● Exercise directions: Your answer should be the lines below from the one with "14. side2:1 — Flush:30" to the one with "- Flush:8: 8'x2x4:1 ↔ 4x2x4:1", both included, given again exactly and with nothing added.

● Material shown:
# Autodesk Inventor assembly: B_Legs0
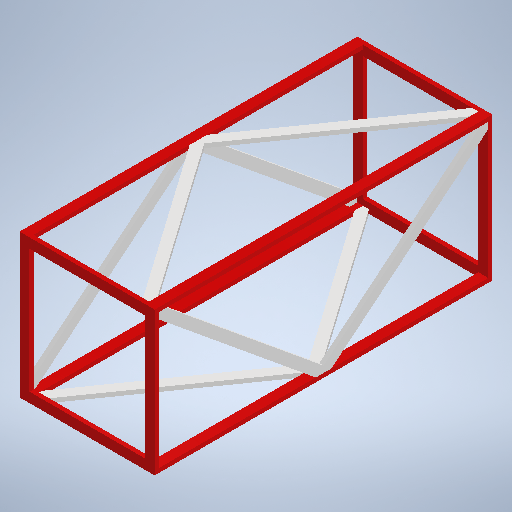
[picture p0: Inventor's stored thumbnail of the model, 512x512]
Saved by Autodesk Inventor 2025.1 (Build 291241020, 241B)
## iProperties
Created: 2024-09-19
Part Number: B_Legs0
Document SubType Name: Assembly
Designer: User
Author: User
## Documents named in this file (6)
- C:\Users\User\Documents\Tburn24\F_Legs1\B_Legs0.iam
- C:\Users\User\Documents\Tburn24\F_Legs1\8'x2x4.ipt
- C:\Users\User\Documents\Tburn24\F_Legs1\3'5x2x4.ipt
- C:\Users\User\Documents\Tburn24\F_Legs1\4x2x4.ipt
- C:\Users\User\Documents\Tburn24\F_Legs1\side1.ipt
- C:\Users\User\Documents\Tburn24\F_Legs1\side2.ipt
## Components (16 placed, 5 different names)
1. 8'x2x4:1 — Flush:1, Flush:2, Flush:3, Flush:8, Mate:3, Flush:10, Flush:12, Flush:13, Flush:14, Flush:22
2. 8'x2x4:2 — Mate:1, Flush:1, Flush:2, Flush:3, Mate:5, Flush:9, Flush:11, Flush:15, Flush:16, Flush:27, Mate:19, Flush:31, Mate:21, Flush:32
3. 4x2x4:1 — Flush:8, Flush:13, Flush:14, Mate:7, Flush:17, Flush:20, Mate:14, Mate:15, Flush:21, Mate:16, Flush:23, Flush:29
4. 4x2x4:2 — Mate:5, Flush:15, Flush:16, Mate:6, Flush:18, Flush:19, Mate:22
5. 4x2x4:3 — Flush:9, Flush:11, Flush:25, Flush:26
6. 4x2x4:4 — Mate:3, Flush:10, Flush:12, Mate:17, Mate:18
7. 8'x2x4:3 — Mate:7, Flush:17, Flush:20, Mate:14, Flush:24, Flush:30
8. 8'x2x4:4 — Mate:6, Flush:18, Flush:19, Flush:28
9. 3'5x2x4:1 — Mate:15, Flush:21, Flush:22
10. 3'5x2x4:2 — Mate:16, Flush:23, Flush:24
11. 3'5x2x4:3 — Mate:18, Flush:25, Flush:28
12. 3'5x2x4:4 — Mate:17, Flush:26, Flush:27, Mate:20
13. side1:1 — Flush:29
14. side2:1 — Flush:30
15. side2:2 — Mate:19, Mate:20, Flush:31
16. side1:2 — Mate:21, Mate:22, Flush:32
## Relationships (42: Flush 28, Mate 14)
- Mate:1: 8'x2x4:2
- Flush:1: 8'x2x4:1 ↔ 8'x2x4:2
- Flush:2 (1130.3 mm): 8'x2x4:1 ↔ 8'x2x4:2
- Flush:3: 8'x2x4:1 ↔ 8'x2x4:2
- Flush:8: 8'x2x4:1 ↔ 4x2x4:1
- Mate:3: 8'x2x4:1 ↔ 4x2x4:4
- Mate:5: 8'x2x4:2 ↔ 4x2x4:2
- Flush:9: 8'x2x4:2 ↔ 4x2x4:3
- Flush:10: 8'x2x4:1 ↔ 4x2x4:4
- Flush:11: 8'x2x4:2 ↔ 4x2x4:3
- Flush:12: 8'x2x4:1 ↔ 4x2x4:4
- Flush:13: 8'x2x4:1 ↔ 4x2x4:1
- Flush:14: 8'x2x4:1 ↔ 4x2x4:1
- Flush:15: 8'x2x4:2 ↔ 4x2x4:2
- Flush:16: 8'x2x4:2 ↔ 4x2x4:2
- Mate:6: 4x2x4:2 ↔ 8'x2x4:4
- Mate:7: 4x2x4:1 ↔ 8'x2x4:3
- Flush:17: 4x2x4:1 ↔ 8'x2x4:3
- Flush:18: 4x2x4:2 ↔ 8'x2x4:4
- Flush:19: 4x2x4:2 ↔ 8'x2x4:4
- Flush:20: 4x2x4:1 ↔ 8'x2x4:3
- Mate:14: 4x2x4:1 ↔ 8'x2x4:3
- Mate:15: 4x2x4:1 ↔ 3'5x2x4:1
- Flush:21: 4x2x4:1 ↔ 3'5x2x4:1
- Flush:22: 8'x2x4:1 ↔ 3'5x2x4:1
- Mate:16: 4x2x4:1 ↔ 3'5x2x4:2
- Flush:23: 4x2x4:1 ↔ 3'5x2x4:2
- Flush:24: 8'x2x4:3 ↔ 3'5x2x4:2
- Mate:17: 4x2x4:4 ↔ 3'5x2x4:4
- Mate:18: 4x2x4:4 ↔ 3'5x2x4:3
- Flush:25: 4x2x4:3 ↔ 3'5x2x4:3
- Flush:26: 4x2x4:3 ↔ 3'5x2x4:4
- Flush:27: 8'x2x4:2 ↔ 3'5x2x4:4
- Flush:28: 8'x2x4:4 ↔ 3'5x2x4:3
- Flush:29: 4x2x4:1 ↔ side1:1
- Flush:30: 8'x2x4:3 ↔ side2:1
- Mate:19: 8'x2x4:2 ↔ side2:2
- Mate:20: 3'5x2x4:4 ↔ side2:2
- Flush:31: 8'x2x4:2 ↔ side2:2
- Mate:21: 8'x2x4:2 ↔ side1:2
- Mate:22: 4x2x4:2 ↔ side1:2
- Flush:32: 8'x2x4:2 ↔ side1:2

● Completed exercise:
14. side2:1 — Flush:30
15. side2:2 — Mate:19, Mate:20, Flush:31
16. side1:2 — Mate:21, Mate:22, Flush:32
## Relationships (42: Flush 28, Mate 14)
- Mate:1: 8'x2x4:2
- Flush:1: 8'x2x4:1 ↔ 8'x2x4:2
- Flush:2 (1130.3 mm): 8'x2x4:1 ↔ 8'x2x4:2
- Flush:3: 8'x2x4:1 ↔ 8'x2x4:2
- Flush:8: 8'x2x4:1 ↔ 4x2x4:1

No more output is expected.